Today, there are 539.000 registered golfers in Sweden of whom the top tier of women are among the best in the Western world. Indeed, when it came to the recent Solheim Cup, they had three representatives in the twelve-strong junior team and as many as five among the senior dozen who helped the Europeans to cling to the trophy they won in 2021.
So how was it possible for the Swedes to cover so much ground so quickly? The answer, here, is that they began by studying the British way of golf. However, instead of assuming that the players on this side of the North Sea were as good as it gets, they asked themselves what they could do better.
For a start, they decided that golf in Sweden should be a family game as opposed to one dominated by men. The more prestigious clubs over here were still male-only establishments in the 60’s, while there was scarcely a club in the country where the men were not given automatic access to the more popular starting-times.
For another area where the Swedes found fault with the British golfing route, they came to the decision that women would do better to part company with their two and three irons and opt instead for higher woods.
When this happened, it was not the best of news for someone like Dame Laura Davies who was alone in being able to reach most of the longer par-fives with, say, a drive and a two-iron.

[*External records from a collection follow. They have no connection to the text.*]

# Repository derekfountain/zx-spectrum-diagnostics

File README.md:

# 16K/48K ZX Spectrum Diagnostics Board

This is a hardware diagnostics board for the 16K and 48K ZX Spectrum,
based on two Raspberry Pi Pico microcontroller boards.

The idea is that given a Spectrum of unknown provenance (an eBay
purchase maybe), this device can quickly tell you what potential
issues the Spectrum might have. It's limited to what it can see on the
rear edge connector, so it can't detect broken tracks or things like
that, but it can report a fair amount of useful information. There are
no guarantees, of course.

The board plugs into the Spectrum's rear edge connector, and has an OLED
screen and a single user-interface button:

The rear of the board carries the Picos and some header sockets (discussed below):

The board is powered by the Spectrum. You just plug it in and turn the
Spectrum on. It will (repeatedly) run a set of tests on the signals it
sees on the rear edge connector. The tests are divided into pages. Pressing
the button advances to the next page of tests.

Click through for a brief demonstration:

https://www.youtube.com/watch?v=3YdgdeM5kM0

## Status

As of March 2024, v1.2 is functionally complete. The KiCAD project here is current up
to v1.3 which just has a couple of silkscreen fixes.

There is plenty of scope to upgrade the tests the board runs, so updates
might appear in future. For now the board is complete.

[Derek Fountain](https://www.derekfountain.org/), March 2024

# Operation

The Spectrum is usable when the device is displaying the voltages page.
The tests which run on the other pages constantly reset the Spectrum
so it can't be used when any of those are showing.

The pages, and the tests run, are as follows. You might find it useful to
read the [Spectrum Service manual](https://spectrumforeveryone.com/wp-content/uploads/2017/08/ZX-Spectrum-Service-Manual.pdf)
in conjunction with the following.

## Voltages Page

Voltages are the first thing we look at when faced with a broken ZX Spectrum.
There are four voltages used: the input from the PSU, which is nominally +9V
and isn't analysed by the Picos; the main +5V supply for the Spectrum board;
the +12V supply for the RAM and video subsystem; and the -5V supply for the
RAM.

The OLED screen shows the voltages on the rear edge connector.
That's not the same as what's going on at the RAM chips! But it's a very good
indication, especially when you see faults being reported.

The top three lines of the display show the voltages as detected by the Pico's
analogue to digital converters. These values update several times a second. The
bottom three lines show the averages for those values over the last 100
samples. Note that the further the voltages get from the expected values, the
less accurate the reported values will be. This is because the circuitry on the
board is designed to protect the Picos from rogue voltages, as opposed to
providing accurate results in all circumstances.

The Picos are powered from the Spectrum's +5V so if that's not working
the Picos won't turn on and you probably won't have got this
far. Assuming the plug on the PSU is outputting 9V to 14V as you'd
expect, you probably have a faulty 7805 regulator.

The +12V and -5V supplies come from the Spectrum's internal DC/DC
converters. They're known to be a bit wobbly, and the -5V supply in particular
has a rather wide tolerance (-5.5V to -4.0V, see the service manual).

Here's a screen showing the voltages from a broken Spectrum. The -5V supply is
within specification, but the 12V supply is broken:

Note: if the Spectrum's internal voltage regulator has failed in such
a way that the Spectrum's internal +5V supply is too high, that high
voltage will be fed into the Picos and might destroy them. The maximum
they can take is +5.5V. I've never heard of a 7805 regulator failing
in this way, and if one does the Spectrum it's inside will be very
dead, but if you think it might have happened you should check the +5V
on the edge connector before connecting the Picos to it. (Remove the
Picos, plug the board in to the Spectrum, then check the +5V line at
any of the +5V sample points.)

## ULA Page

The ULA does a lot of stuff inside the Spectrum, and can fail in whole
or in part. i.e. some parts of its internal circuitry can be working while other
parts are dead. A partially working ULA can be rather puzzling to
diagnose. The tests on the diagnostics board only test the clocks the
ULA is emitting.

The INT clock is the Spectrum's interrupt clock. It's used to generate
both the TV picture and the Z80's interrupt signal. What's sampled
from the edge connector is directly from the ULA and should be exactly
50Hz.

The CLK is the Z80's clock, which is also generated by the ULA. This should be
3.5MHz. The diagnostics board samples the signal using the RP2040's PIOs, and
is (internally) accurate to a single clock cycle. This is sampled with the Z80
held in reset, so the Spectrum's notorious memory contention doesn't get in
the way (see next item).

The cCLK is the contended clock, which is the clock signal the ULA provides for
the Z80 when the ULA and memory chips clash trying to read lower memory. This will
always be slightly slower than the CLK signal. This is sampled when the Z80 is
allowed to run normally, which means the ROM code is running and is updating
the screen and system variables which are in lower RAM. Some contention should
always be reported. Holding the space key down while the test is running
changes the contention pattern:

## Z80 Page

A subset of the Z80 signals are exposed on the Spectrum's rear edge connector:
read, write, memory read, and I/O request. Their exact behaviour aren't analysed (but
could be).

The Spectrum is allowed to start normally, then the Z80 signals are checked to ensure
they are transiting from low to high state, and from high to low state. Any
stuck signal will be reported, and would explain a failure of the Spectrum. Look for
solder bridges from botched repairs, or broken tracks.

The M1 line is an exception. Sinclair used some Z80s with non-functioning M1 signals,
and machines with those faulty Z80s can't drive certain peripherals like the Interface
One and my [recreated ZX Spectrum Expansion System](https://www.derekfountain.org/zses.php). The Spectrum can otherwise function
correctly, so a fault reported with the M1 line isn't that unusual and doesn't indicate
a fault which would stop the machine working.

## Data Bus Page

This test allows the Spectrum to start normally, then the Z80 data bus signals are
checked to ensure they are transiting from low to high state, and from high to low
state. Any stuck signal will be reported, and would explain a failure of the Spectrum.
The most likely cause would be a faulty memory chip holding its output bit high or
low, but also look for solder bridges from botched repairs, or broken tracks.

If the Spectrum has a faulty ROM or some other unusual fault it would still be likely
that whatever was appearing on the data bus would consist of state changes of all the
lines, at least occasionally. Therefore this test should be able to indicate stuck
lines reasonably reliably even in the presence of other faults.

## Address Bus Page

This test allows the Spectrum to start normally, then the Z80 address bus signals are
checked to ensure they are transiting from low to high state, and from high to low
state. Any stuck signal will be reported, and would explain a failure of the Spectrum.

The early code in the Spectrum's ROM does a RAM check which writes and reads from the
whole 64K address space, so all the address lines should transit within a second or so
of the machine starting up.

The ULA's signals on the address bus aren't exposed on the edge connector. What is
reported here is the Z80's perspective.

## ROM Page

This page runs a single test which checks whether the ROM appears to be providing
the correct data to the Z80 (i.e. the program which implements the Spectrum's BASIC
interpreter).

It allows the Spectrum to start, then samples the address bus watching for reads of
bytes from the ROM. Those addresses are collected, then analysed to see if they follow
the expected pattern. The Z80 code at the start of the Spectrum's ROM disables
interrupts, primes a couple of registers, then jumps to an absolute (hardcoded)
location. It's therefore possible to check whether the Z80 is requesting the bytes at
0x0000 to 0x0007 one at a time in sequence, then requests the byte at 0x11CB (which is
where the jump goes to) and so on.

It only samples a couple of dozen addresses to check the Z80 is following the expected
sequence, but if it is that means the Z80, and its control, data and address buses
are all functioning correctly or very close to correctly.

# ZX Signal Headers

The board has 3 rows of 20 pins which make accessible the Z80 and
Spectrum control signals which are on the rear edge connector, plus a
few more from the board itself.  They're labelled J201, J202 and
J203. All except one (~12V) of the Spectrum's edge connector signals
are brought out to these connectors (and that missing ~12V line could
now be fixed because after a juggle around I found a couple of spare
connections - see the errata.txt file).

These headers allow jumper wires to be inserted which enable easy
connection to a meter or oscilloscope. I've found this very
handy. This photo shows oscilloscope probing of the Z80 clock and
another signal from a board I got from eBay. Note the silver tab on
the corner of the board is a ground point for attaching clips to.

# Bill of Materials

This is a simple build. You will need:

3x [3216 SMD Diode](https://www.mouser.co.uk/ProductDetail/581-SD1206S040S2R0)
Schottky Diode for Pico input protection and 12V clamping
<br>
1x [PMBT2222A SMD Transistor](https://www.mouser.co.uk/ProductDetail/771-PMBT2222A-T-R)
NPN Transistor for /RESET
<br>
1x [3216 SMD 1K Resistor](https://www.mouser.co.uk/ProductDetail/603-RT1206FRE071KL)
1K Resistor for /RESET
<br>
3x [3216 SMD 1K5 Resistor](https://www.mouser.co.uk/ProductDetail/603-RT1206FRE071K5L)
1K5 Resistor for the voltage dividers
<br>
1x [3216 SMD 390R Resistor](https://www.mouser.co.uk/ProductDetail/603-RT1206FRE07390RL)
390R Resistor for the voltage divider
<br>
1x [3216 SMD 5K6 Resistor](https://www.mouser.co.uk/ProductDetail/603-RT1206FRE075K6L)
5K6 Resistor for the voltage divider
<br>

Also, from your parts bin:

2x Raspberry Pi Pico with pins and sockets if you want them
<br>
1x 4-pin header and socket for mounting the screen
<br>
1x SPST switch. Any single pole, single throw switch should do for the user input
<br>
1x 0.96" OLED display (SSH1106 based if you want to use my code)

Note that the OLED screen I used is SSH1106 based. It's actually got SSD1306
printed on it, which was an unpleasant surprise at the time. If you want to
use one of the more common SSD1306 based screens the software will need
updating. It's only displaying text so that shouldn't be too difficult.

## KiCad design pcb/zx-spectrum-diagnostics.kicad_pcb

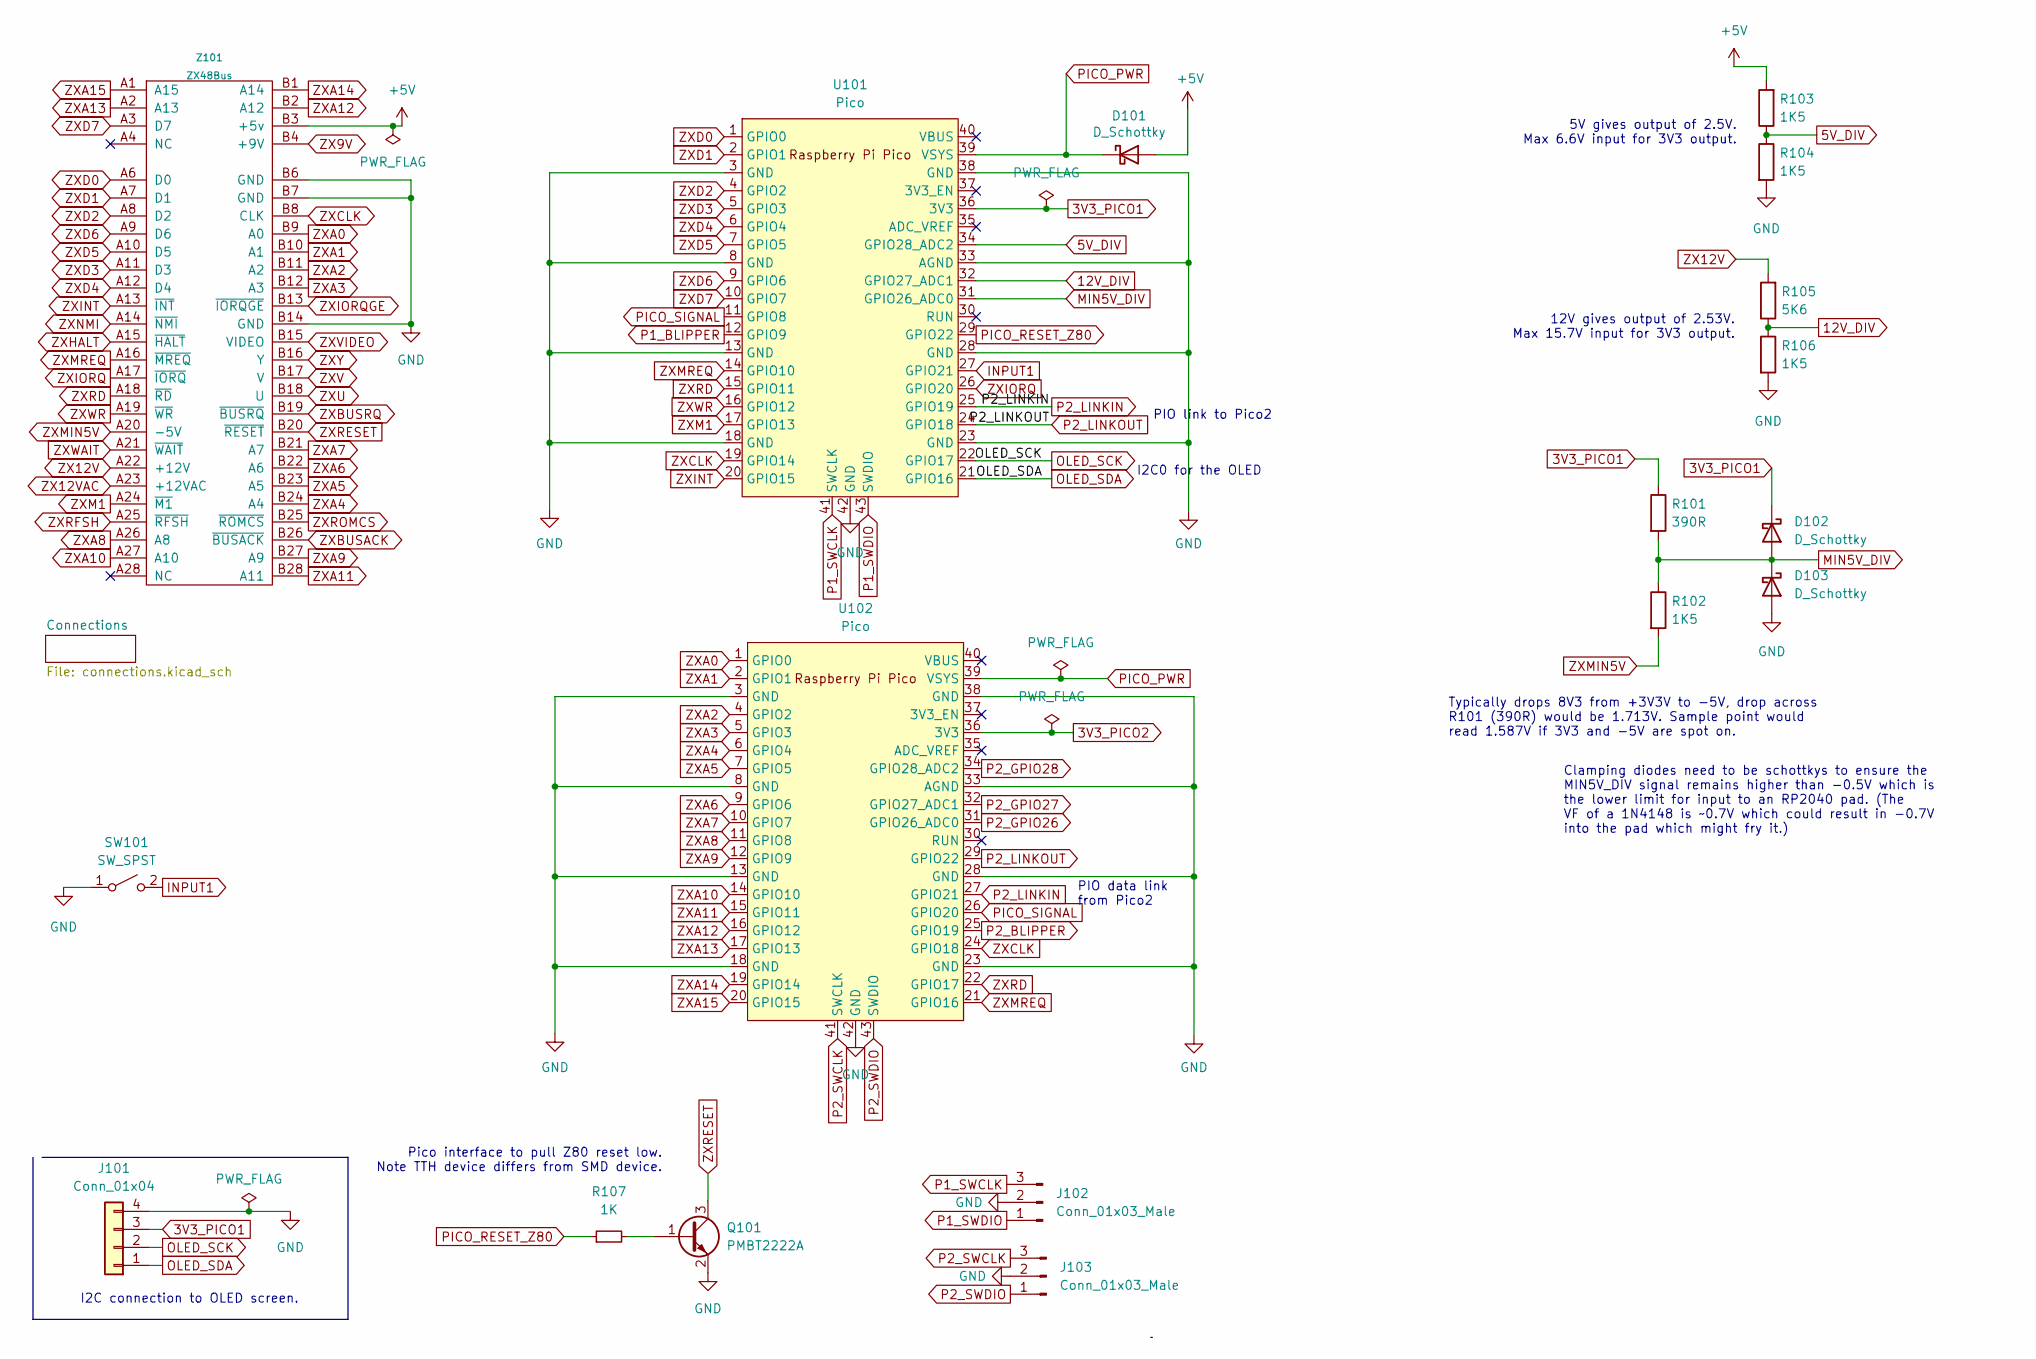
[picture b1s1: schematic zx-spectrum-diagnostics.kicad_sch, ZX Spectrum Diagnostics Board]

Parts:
D101, D102, D103: D_Schottky; D_1206_3216Metric_Pad1.42x1.75mm_HandSolder
J101: Conn_01x04; PinHeader_1x04_P2.54mm_Vertical
J102, J103: Conn_01x03_Male; PinSocket_1x03_P2.54mm_Vertical
Q101: PMBT2222A; TSOT-23_HandSoldering
R101: 390R; R_1206_3216Metric_Pad1.30x1.75mm_HandSolder
R102, R103, R104, R106: 1K5; R_1206_3216Metric_Pad1.30x1.75mm_HandSolder
R105: 5K6; R_1206_3216Metric_Pad1.30x1.75mm_HandSolder
R107: 1K; R_1206_3216Metric_Pad1.30x1.75mm_HandSolder
SW101: SW_SPST; SW_PUSH_6mm_H4.3mm
U101, U102: Pico; RPi_Pico_SMD_TH
Z101: ZX48Bus; Spectrum_Edge_Connector

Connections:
3V3_PICO1: D102.1 (K), J101.3, R101.1, U101.36 (3V3)
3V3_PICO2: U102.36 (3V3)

Swedes, armed with their shiny new Callaway woods, were soon knocking their seconds alongside Laura’s at a time when those UK players who wanted to copy the Swedes were meeting with resentment. For at least a year, selectors and teaching professionals alike would complain that they were taking the easy way out.
Sam Torrance, incidentally, was probably the first among the men to dare to give the higher woods a try, while would you believe that Tommy Fleetwood experimented with a 9-wood ahead of this year’s Players Championship at TPC Sawgrass, likening it to hitting a wedge into the green: “It goes up in the air and drops straight down.”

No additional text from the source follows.